Directions for this task
Could you work out how many lines of the material below hold "SUBTRACT"? Only the number is needed.

[Start of section]

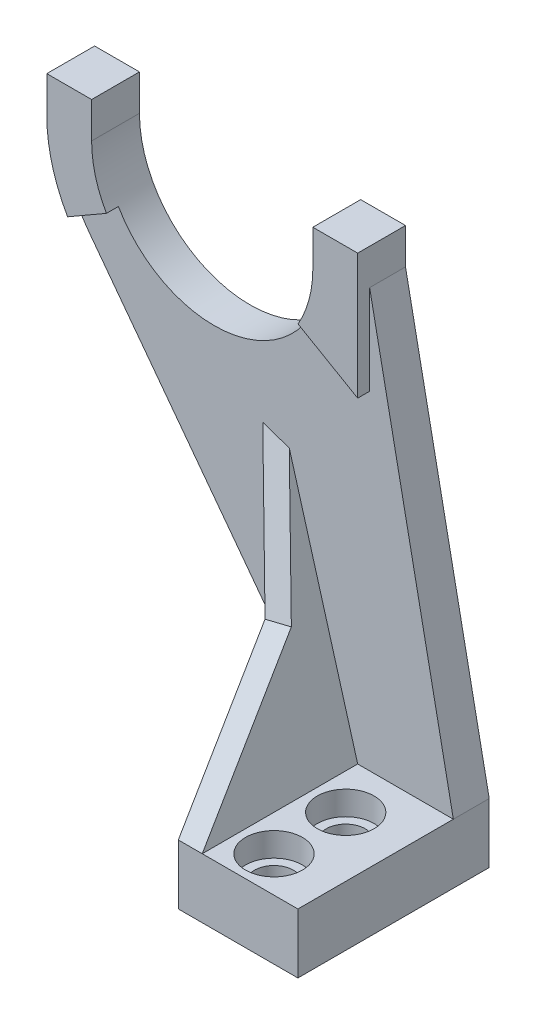
from build123d import *

# Parameters (mm, degrees)
BOSS_EXTRUDE1_DEPTH = 9.525
RIB1_REACH          = 156.901
SKETCH3_WALL_W      = 425.12827586
SKETCH3_WALL_H      = 9.525
BOSS_EXTRUDE2_DEPTH = 12.7
SKETCH4_W           = 31.75
SKETCH4_H           = 15.875
BOSS_EXTRUDE3_DEPTH = 41.275
SKETCH10_W          = 41.275
SKETCH10_H          = 68.618379108
BOSS_EXTRUDE4_DEPTH = 6.35
CUT_EXTRUDE5_DEPTH  = 173.025545539
SKETCH14_R          = 7.540625
CUT_EXTRUDE6_DEPTH  = 6.35
SKETCH15_R          = 5.159375
CUT_EXTRUDE7_DEPTH  = 156.055766211


with BuildPart() as part:
    # Sketch1 → Boss-Extrude1 (new body)
    with BuildSketch(Plane.XY):
        with BuildLine():
            Line((0, 15.875), (0, 0))
            Line((0, 0), (31.75, 0))
            Line((31.75, 0), (31.75, 15.875))
            Line((31.75, 15.875), (9.525, 15.875))
            Line((9.525, 15.875), (9.525, 136.525))
            Line((9.525, 136.525), (-2.38125, 136.525))
            Line((-2.38125, 136.525), (-2.38125, 127))
            ThreePointArc((-2.38125, 127), (-31.75, 97.63125), (-61.11875, 127))
            Line((-61.11875, 127), (-61.11875, 136.525))
            Line((-61.11875, 136.525), (-73.025, 136.525))
            Line((-73.025, 136.525), (-73.025, 127))
            ThreePointArc((-73.025, 127), (-70.906903127, 113.947698958), (-64.77, 102.235))
            Line((-64.77, 102.235), (0, 15.875))
        make_face()
    extrude(amount=BOSS_EXTRUDE1_DEPTH)

    # Sketch3 wall → Rib1 (add, up to next)
    with BuildSketch(Plane(origin=(20.6375, 71.4375, 4.7625), x_dir=(-0.196116135138, 0.980580675691, 0), z_dir=(-0.980580675691, -0.196116135138, 0)), mode=Mode.PRIVATE) as rib1_sk1:
        Rectangle(SKETCH3_WALL_W, SKETCH3_WALL_H)
    rib1_tool1 = extrude(rib1_sk1.sketch, amount=RIB1_REACH, mode=Mode.PRIVATE) - part.part
    add(rib1_tool1.solids().sort_by_distance((20.6375, 71.4375, 4.7625))[0])

    # Sketch1<3> → Boss-Extrude2 (add)
    with BuildSketch(Plane.XY):
        with BuildLine():
            ThreePointArc((-73.025, 127), (-71.61858848, 116.317243913), (-67.495198541, 106.3625))
            Line((-67.495198541, 106.3625), (-57.184083577, 112.315625))
            ThreePointArc((-57.184083577, 112.315625), (-60.118034111, 119.398808169), (-61.11875, 127))
            Line((-61.11875, 127), (-61.11875, 136.525))
            Line((-61.11875, 136.525), (-73.025, 136.525))
            Line((-73.025, 136.525), (-73.025, 127))
        make_face()
        with BuildLine():
            Line((-6.315916423, 112.315625), (9.525, 103.169867639))
            Line((9.525, 103.169867639), (9.525, 136.525))
            Line((9.525, 136.525), (-2.38125, 136.525))
            Line((-2.38125, 136.525), (-2.38125, 127))
            ThreePointArc((-2.38125, 127), (-3.381965889, 119.398808169), (-6.315916423, 112.315625))
        make_face()
    extrude(amount=BOSS_EXTRUDE2_DEPTH)

    # Sketch4 → Boss-Extrude3 (add)
    with BuildSketch(Plane.XY.offset(9.525)):
        with Locations((15.875, 7.9375)):
            Rectangle(SKETCH4_W, SKETCH4_H)
    extrude(amount=BOSS_EXTRUDE3_DEPTH)

    # Sketch10 → Boss-Extrude4 (add, along a direction that is not the sketch's normal)
    with BuildSketch(Plane(origin=(4.193396226, 1.198113208, 0), x_dir=(0, 0, -1), z_dir=(0.9615239476408233, 0.2747211278973781, 0))):
        with Locations((-30.1625, 49.573382223)):
            Rectangle(SKETCH10_W, SKETCH10_H)
    extrude(amount=BOSS_EXTRUDE4_DEPTH, dir=(1, 0, 0))

    # Sketch11 → Cut-Extrude5 (cut, through all, along a direction that is not the sketch's normal)
    with BuildSketch(Plane(origin=(10.064150943, 2.875471698, 0), x_dir=(0, 0, -1), z_dir=(0.9615239476408232, 0.27472112789737807, 0))):
        Polygon((-50.8, 82.138092614), (-50.8, 13.519713507), (-19.05, 45.269713507), (-9.525, 54.794713507), (-9.525, 82.138092614), align=None)
    extrude(amount=-CUT_EXTRUDE5_DEPTH, dir=(1, 0, 0), mode=Mode.SUBTRACT)

    # Sketch13 → Loft2 section 0
    with BuildSketch(Plane(origin=(10.064150943, 2.875471698, 0), x_dir=(0, 0, -1), z_dir=(0.9615239476408232, 0.27472112789737807, 0))):
        with BuildLine():
            Line((-18.177760419, 46.141953088), (-8.652760419, 83.010332195))
            Line((-8.652760419, 83.010332195), (-9.525, 54.794713507))
            Line((-9.525, 54.794713507), (-18.177760419, 46.141953088))
        make_face()
    # Sketch12 → Loft2 section 1
    with BuildSketch(Plane(origin=(4.193396226, 1.198113208, 0), x_dir=(0, 0, -1), z_dir=(0.9615239476408233, 0.2747211278973781, 0))):
        with BuildLine():
            Line((-19.05, 47.014192669), (-9.525, 83.882571777))
            Line((-9.525, 83.882571777), (-9.525, 56.539192669))
            Line((-9.525, 56.539192669), (-19.05, 47.014192669))
        make_face()
    loft()

    # Sketch14 → Cut-Extrude6 (cut)
    with BuildSketch(Plane(origin=(0, 15.875, 0), x_dir=(1, 0, 0), z_dir=(0, 1, 0))):
        with Locations((15.875, -41.275)):
            Circle(SKETCH14_R)
        with Locations((15.875, -22.225)):
            Circle(SKETCH14_R)
    extrude(amount=-CUT_EXTRUDE6_DEPTH, mode=Mode.SUBTRACT)

    # Sketch15 → Cut-Extrude7 (cut, through all)
    with BuildSketch(Plane(origin=(0, 9.525, 0), x_dir=(1, 0, 0), z_dir=(0, 1, 0))):
        with Locations((15.875, -22.225)):
            Circle(SKETCH15_R)
        with Locations((15.875, -41.275)):
            Circle(SKETCH15_R)
    extrude(amount=-CUT_EXTRUDE7_DEPTH, mode=Mode.SUBTRACT)


solid = part.part

[End of section]

Exercise output
3